Data entries
++++

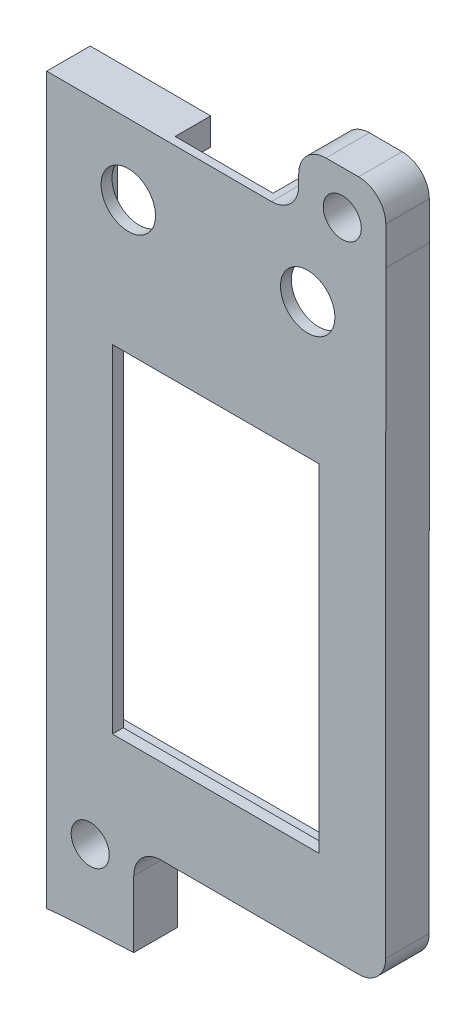
from build123d import *

# Parameters (mm, degrees)
SKETCH1_R           = 1.75
BOSS_EXTRUDE1_DEPTH = 1
SKETCH2_R           = 1.75
BOSS_EXTRUDE2_DEPTH = 2
SKETCH3_R           = 2.5
SKETCH3_R_2         = 1.75
SKETCH3_W           = 19
SKETCH3_H           = 31
BOSS_EXTRUDE3_DEPTH = 1
SKETCH5_W           = 3.6
SKETCH5_H           = 4.6
CUT_EXTRUDE1_DEPTH  = 21
SKETCH6_W           = 8.995193627
SKETCH6_H           = 3.264834395
CUT_EXTRUDE2_DEPTH  = 21


with BuildPart() as part:
    # Sketch1 → Boss-Extrude1 (new body)
    with BuildSketch(Plane.XY):
        with BuildLine():
            Line((-4.173686267, 14.847766361), (13.97122522, 14.82972857))
            ThreePointArc((13.97122522, 14.82972857), (15.740392314, 15.560875949), (16.473710392, 17.329144394))
            Line((16.473710392, 17.329144394), (16.486530072, 72.307640303))
            Line((16.486530072, 72.307640303), (16.486530072, 75.807640303))
            ThreePointArc((16.486530072, 75.807640303), (15.754297025, 77.575407256), (13.986530072, 78.307640303))
            Line((13.986530072, 78.307640303), (10.986530072, 78.307640303))
            ThreePointArc((10.986530072, 78.307640303), (9.218763119, 77.575407256), (8.486530072, 75.807640303))
            Line((8.486530072, 75.807640303), (8.486530072, 74.834217182))
            ThreePointArc((8.486530072, 74.834217182), (7.752059064, 73.064215098), (5.980204169, 72.334225186))
            Line((5.980204169, 72.334225186), (-14.676171507, 72.386493441))
            Line((-14.676171507, 72.386493441), (-14.676171507, 5.737899634))
            add(Edge.make_bspline(
                [(-14.676171507, 5.737899634), (-14.011850481, 5.817020009), (-13.346323065, 5.876368565), (-12.012830027, 5.955105359), (-11.346034693, 5.993673711), (-9.345364589, 6.104722571), (-8.011220337, 6.17278648), (-6.676171507, 6.226025038)],
                knots=[0, 0, 0, 0, 0.25, 0.25, 0.5, 0.5, 1, 1, 1, 1], degree=3))
            Line((-6.676171507, 6.226025038), (-6.676171507, 12.347767597))
            ThreePointArc((-6.676171507, 12.347767597), (-5.943059576, 14.116412996), (-4.173686267, 14.847766361))
        make_face()
        with Locations((12.486998677, 74.317766997)):
            Circle(SKETCH1_R, mode=Mode.SUBTRACT)
        with Locations((-10.676171507, 12.854229471)):
            Circle(SKETCH1_R, mode=Mode.SUBTRACT)
        Polygon((-12.176171507, 17.355722839), (13.97371046, 17.329727334), (13.985948537, 69.813959694), (-12.176171507, 69.880159515), align=None, mode=Mode.SUBTRACT)
    extrude(amount=BOSS_EXTRUDE1_DEPTH)

    # Sketch2 → Boss-Extrude2 (add)
    with BuildSketch(Plane.XY.offset(1)):
        with BuildLine():
            Line((-4.173686267, 14.847766361), (13.97122522, 14.82972857))
            ThreePointArc((13.97122522, 14.82972857), (15.740392314, 15.560875949), (16.473710392, 17.329144394))
            Line((16.473710392, 17.329144394), (16.486530072, 72.307640303))
            Line((16.486530072, 72.307640303), (16.486530072, 75.807640303))
            ThreePointArc((16.486530072, 75.807640303), (15.754297025, 77.575407256), (13.986530072, 78.307640303))
            Line((13.986530072, 78.307640303), (10.986530072, 78.307640303))
            ThreePointArc((10.986530072, 78.307640303), (9.218763119, 77.575407256), (8.486530072, 75.807640303))
            Line((8.486530072, 75.807640303), (8.486530072, 74.834217182))
            ThreePointArc((8.486530072, 74.834217182), (7.752059064, 73.064215098), (5.980204169, 72.334225186))
            Line((5.980204169, 72.334225186), (-14.676171507, 72.386493441))
            Line((-14.676171507, 72.386493441), (-14.676171507, 5.737899634))
            add(Edge.make_bspline(
                [(-14.676171507, 5.737899634), (-14.011850481, 5.817020009), (-13.346323065, 5.876368565), (-12.012830027, 5.955105359), (-11.346034693, 5.993673711), (-9.345364589, 6.104722571), (-8.011220337, 6.17278648), (-6.676171507, 6.226025038)],
                knots=[0, 0, 0, 0, 0.25, 0.25, 0.5, 0.5, 1, 1, 1, 1], degree=3))
            Line((-6.676171507, 6.226025038), (-6.676171507, 12.347767597))
            ThreePointArc((-6.676171507, 12.347767597), (-5.943059576, 14.116412996), (-4.173686267, 14.847766361))
        make_face()
        with Locations((12.486998677, 74.317766997)):
            Circle(SKETCH2_R, mode=Mode.SUBTRACT)
        with Locations((-10.676171507, 12.854229471)):
            Circle(SKETCH2_R, mode=Mode.SUBTRACT)
        Polygon((-12.176171507, 21.330224514), (13.974643281, 21.330224514), (13.985948537, 69.813959694), (-12.176171507, 69.880159515), align=None, mode=Mode.SUBTRACT)
    extrude(amount=BOSS_EXTRUDE2_DEPTH)

    # Sketch3 → Boss-Extrude3 (add)
    with BuildSketch(Plane.XY.offset(3)):
        with BuildLine():
            Line((-4.173686267, 14.847766361), (13.97122522, 14.82972857))
            ThreePointArc((13.97122522, 14.82972857), (15.740392314, 15.560875949), (16.473710392, 17.329144394))
            Line((16.473710392, 17.329144394), (16.486530072, 72.307640303))
            Line((16.486530072, 72.307640303), (16.486530072, 75.807640303))
            ThreePointArc((16.486530072, 75.807640303), (15.754297025, 77.575407256), (13.986530072, 78.307640303))
            Line((13.986530072, 78.307640303), (10.986530072, 78.307640303))
            ThreePointArc((10.986530072, 78.307640303), (9.218763119, 77.575407256), (8.486530072, 75.807640303))
            Line((8.486530072, 75.807640303), (8.486530072, 74.834217182))
            ThreePointArc((8.486530072, 74.834217182), (7.752059064, 73.064215098), (5.980204169, 72.334225186))
            Line((5.980204169, 72.334225186), (-14.676171507, 72.386493441))
            Line((-14.676171507, 72.386493441), (-14.676171507, 5.737899634))
            add(Edge.make_bspline(
                [(-14.676171507, 5.737899634), (-14.011850481, 5.817020009), (-13.346323065, 5.876368565), (-12.012830027, 5.955105359), (-11.346034693, 5.993673711), (-9.345364589, 6.104722571), (-8.011220337, 6.17278648), (-6.676171507, 6.226025038)],
                knots=[0, 0, 0, 0, 0.25, 0.25, 0.5, 0.5, 1, 1, 1, 1], degree=3))
            Line((-6.676171507, 6.226025038), (-6.676171507, 12.347767597))
            ThreePointArc((-6.676171507, 12.347767597), (-5.943059576, 14.116412996), (-4.173686267, 14.847766361))
        make_face()
        with Locations((-7.177066698, 65.873523259)):
            Circle(SKETCH3_R, mode=Mode.SUBTRACT)
        with Locations((9.307529554, 66.02592423)):
            Circle(SKETCH3_R, mode=Mode.SUBTRACT)
        with Locations((12.486998677, 74.317766997)):
            Circle(SKETCH3_R_2, mode=Mode.SUBTRACT)
        with Locations((-10.676171507, 12.854229471)):
            Circle(SKETCH3_R_2, mode=Mode.SUBTRACT)
        with Locations((0.861995575, 38.14822724)):
            Rectangle(SKETCH3_W, SKETCH3_H, mode=Mode.SUBTRACT)
    extrude(amount=BOSS_EXTRUDE3_DEPTH)

    # Sketch5 → Cut-Extrude1 (cut)
    with BuildSketch(Plane.ZY.offset(14.676171507)):
        with Locations((0.78983946, 57.439422967)):
            Rectangle(SKETCH5_W, SKETCH5_H)
    extrude(amount=-CUT_EXTRUDE1_DEPTH, mode=Mode.SUBTRACT)

    # Sketch6 → Cut-Extrude2 (cut)
    with BuildSketch(Plane(origin=(0.183069407, 72.348894077, 0), x_dir=(0.9999967986314592, -0.0025303610084290986, 0), z_dir=(0.002530361008429098, 0.9999967986314591, 0))):
        with Locations((0.710777389, -1.632417198)):
            Rectangle(SKETCH6_W, SKETCH6_H)
    extrude(amount=-CUT_EXTRUDE2_DEPTH, mode=Mode.SUBTRACT)


solid = part.part

++++

Task directions
Using the data above, transcribe the lines that run from the line with "extrude(amount=-CUT_EXTRUDE1_DEPTH, mode=Mode.SUBTRACT)" to the line with "Rectangle(SKETCH6_W, SKETCH6_H)", both ends kept, and output nothing else.

Exercise response
    extrude(amount=-CUT_EXTRUDE1_DEPTH, mode=Mode.SUBTRACT)

    # Sketch6 → Cut-Extrude2 (cut)
    with BuildSketch(Plane(origin=(0.183069407, 72.348894077, 0), x_dir=(0.9999967986314592, -0.0025303610084290986, 0), z_dir=(0.002530361008429098, 0.9999967986314591, 0))):
        with Locations((0.710777389, -1.632417198)):
            Rectangle(SKETCH6_W, SKETCH6_H)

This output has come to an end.